══ Record excerpts

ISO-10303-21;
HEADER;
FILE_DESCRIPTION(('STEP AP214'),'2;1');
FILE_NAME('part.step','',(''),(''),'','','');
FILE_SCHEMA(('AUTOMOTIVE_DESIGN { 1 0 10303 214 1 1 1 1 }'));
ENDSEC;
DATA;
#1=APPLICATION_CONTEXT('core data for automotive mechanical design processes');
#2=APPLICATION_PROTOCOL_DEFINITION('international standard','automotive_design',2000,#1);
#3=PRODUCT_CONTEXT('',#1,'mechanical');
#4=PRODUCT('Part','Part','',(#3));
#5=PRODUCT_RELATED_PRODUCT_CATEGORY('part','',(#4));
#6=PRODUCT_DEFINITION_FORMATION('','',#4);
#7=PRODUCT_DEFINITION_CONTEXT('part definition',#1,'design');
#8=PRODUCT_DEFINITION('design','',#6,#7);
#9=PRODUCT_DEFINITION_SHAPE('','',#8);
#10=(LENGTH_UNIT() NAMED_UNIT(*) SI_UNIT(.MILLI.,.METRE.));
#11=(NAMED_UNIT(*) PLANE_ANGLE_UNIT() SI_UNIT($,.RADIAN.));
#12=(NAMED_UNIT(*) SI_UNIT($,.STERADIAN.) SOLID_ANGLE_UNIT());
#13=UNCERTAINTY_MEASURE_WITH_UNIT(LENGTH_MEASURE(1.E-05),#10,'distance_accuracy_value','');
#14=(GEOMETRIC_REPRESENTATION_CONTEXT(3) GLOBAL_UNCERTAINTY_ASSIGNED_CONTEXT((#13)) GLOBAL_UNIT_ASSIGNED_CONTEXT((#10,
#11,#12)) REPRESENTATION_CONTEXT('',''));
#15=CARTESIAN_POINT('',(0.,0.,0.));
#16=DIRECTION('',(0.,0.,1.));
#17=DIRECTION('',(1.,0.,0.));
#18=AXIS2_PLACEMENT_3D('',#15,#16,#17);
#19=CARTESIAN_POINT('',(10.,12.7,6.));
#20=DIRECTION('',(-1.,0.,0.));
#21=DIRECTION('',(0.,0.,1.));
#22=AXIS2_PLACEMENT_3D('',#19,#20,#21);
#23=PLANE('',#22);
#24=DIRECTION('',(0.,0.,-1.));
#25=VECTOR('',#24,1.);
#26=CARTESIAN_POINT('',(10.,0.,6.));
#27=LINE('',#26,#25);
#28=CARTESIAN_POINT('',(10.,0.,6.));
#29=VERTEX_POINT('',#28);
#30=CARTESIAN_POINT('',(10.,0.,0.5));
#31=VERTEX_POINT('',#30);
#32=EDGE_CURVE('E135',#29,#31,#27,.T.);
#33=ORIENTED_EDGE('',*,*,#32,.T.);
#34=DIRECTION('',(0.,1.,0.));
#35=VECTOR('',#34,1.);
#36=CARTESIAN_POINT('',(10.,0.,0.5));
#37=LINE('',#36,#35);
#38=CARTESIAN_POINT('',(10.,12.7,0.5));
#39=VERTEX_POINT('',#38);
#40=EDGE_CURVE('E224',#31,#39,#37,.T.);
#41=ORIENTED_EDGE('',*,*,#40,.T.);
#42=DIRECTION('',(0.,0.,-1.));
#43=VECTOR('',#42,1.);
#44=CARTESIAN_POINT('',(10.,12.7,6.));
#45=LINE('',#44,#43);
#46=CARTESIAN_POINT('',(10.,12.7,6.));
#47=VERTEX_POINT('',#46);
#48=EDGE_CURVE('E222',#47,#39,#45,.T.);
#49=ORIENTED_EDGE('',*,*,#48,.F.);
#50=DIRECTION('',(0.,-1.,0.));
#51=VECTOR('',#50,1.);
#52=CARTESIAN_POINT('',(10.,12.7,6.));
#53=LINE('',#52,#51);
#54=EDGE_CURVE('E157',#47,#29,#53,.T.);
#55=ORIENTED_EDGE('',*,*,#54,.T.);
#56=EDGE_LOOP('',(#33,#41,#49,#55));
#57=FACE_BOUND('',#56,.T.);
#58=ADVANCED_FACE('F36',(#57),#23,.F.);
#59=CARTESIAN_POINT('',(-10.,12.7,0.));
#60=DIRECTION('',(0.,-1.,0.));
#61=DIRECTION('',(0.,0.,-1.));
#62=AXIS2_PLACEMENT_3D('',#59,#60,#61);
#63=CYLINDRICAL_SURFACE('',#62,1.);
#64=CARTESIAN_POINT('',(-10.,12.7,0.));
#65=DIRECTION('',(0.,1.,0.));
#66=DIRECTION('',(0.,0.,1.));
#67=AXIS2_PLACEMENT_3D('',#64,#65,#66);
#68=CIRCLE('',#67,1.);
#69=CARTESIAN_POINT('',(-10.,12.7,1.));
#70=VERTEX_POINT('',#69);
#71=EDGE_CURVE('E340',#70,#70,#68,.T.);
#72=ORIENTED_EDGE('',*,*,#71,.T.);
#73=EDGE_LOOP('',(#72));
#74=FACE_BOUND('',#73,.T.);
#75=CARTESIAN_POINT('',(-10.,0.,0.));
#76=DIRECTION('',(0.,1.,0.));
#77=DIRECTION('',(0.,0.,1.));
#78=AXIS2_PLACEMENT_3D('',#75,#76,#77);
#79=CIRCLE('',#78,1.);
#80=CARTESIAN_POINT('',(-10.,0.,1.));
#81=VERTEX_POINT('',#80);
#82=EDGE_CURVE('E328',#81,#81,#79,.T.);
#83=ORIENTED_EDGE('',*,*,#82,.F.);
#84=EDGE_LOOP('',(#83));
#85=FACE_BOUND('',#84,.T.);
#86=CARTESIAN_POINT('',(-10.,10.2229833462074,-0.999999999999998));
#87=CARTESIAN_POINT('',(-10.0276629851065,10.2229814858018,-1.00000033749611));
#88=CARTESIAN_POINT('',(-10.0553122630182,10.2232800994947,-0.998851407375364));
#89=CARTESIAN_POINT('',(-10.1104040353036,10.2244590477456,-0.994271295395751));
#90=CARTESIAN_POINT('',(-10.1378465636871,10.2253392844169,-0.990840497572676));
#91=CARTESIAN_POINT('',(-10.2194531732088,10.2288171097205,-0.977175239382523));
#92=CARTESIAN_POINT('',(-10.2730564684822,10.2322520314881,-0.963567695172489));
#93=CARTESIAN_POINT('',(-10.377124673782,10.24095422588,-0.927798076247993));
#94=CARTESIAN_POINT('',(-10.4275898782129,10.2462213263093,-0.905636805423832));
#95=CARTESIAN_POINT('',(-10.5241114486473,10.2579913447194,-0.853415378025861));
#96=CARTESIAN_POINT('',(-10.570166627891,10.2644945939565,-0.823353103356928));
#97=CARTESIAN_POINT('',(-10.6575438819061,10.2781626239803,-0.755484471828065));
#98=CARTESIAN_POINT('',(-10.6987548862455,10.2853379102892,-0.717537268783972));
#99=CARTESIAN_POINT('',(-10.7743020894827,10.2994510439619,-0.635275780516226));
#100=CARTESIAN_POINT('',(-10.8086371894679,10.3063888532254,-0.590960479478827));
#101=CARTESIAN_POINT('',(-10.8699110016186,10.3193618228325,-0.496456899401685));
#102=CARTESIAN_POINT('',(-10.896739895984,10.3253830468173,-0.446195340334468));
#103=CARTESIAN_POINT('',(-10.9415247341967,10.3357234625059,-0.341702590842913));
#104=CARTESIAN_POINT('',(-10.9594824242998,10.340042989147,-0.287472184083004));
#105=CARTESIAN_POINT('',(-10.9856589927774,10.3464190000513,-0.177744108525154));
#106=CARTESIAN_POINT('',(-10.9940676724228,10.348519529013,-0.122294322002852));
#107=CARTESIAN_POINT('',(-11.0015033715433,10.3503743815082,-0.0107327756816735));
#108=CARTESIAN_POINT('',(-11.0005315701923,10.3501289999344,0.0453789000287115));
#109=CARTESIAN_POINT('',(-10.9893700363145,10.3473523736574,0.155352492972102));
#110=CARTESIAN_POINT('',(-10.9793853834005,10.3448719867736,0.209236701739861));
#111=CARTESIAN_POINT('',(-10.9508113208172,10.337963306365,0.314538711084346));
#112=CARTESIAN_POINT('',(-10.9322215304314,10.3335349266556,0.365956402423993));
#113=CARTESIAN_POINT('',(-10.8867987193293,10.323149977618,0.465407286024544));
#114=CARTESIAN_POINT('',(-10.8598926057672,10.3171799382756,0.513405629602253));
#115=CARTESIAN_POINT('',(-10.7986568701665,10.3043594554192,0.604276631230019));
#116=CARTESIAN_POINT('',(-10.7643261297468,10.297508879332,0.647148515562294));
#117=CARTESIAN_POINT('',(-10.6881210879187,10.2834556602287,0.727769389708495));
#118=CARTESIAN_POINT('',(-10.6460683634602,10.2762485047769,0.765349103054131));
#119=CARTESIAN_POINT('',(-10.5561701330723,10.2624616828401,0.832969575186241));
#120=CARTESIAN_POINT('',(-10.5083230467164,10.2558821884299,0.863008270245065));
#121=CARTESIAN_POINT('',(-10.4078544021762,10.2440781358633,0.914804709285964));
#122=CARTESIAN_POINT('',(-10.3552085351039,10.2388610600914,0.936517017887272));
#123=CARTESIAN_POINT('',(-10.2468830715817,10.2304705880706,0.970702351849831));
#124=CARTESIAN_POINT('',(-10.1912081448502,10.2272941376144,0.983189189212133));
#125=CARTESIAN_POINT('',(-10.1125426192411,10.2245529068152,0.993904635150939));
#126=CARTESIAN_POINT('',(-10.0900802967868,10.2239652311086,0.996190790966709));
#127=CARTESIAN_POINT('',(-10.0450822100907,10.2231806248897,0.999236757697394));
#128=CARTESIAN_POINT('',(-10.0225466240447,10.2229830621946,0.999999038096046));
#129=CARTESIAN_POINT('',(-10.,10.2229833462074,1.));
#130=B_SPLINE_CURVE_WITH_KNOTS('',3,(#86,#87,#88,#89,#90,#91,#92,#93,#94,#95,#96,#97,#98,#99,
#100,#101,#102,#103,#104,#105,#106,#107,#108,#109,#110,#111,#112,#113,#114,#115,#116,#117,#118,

════

Beginning with the first line of the entries, repeat each line exactly until you have reproduced the one containing "#22=AXIS2_PLACEMENT_3D('',#19,#20,#21);", and add nothing further.

ISO-10303-21;
HEADER;
FILE_DESCRIPTION(('STEP AP214'),'2;1');
FILE_NAME('part.step','',(''),(''),'','','');
FILE_SCHEMA(('AUTOMOTIVE_DESIGN { 1 0 10303 214 1 1 1 1 }'));
ENDSEC;
DATA;
#1=APPLICATION_CONTEXT('core data for automotive mechanical design processes');
#2=APPLICATION_PROTOCOL_DEFINITION('international standard','automotive_design',2000,#1);
#3=PRODUCT_CONTEXT('',#1,'mechanical');
#4=PRODUCT('Part','Part','',(#3));
#5=PRODUCT_RELATED_PRODUCT_CATEGORY('part','',(#4));
#6=PRODUCT_DEFINITION_FORMATION('','',#4);
#7=PRODUCT_DEFINITION_CONTEXT('part definition',#1,'design');
#8=PRODUCT_DEFINITION('design','',#6,#7);
#9=PRODUCT_DEFINITION_SHAPE('','',#8);
#10=(LENGTH_UNIT() NAMED_UNIT(*) SI_UNIT(.MILLI.,.METRE.));
#11=(NAMED_UNIT(*) PLANE_ANGLE_UNIT() SI_UNIT($,.RADIAN.));
#12=(NAMED_UNIT(*) SI_UNIT($,.STERADIAN.) SOLID_ANGLE_UNIT());
#13=UNCERTAINTY_MEASURE_WITH_UNIT(LENGTH_MEASURE(1.E-05),#10,'distance_accuracy_value','');
#14=(GEOMETRIC_REPRESENTATION_CONTEXT(3) GLOBAL_UNCERTAINTY_ASSIGNED_CONTEXT((#13)) GLOBAL_UNIT_ASSIGNED_CONTEXT((#10,
#11,#12)) REPRESENTATION_CONTEXT('',''));
#15=CARTESIAN_POINT('',(0.,0.,0.));
#16=DIRECTION('',(0.,0.,1.));
#17=DIRECTION('',(1.,0.,0.));
#18=AXIS2_PLACEMENT_3D('',#15,#16,#17);
#19=CARTESIAN_POINT('',(10.,12.7,6.));
#20=DIRECTION('',(-1.,0.,0.));
#21=DIRECTION('',(0.,0.,1.));
#22=AXIS2_PLACEMENT_3D('',#19,#20,#21);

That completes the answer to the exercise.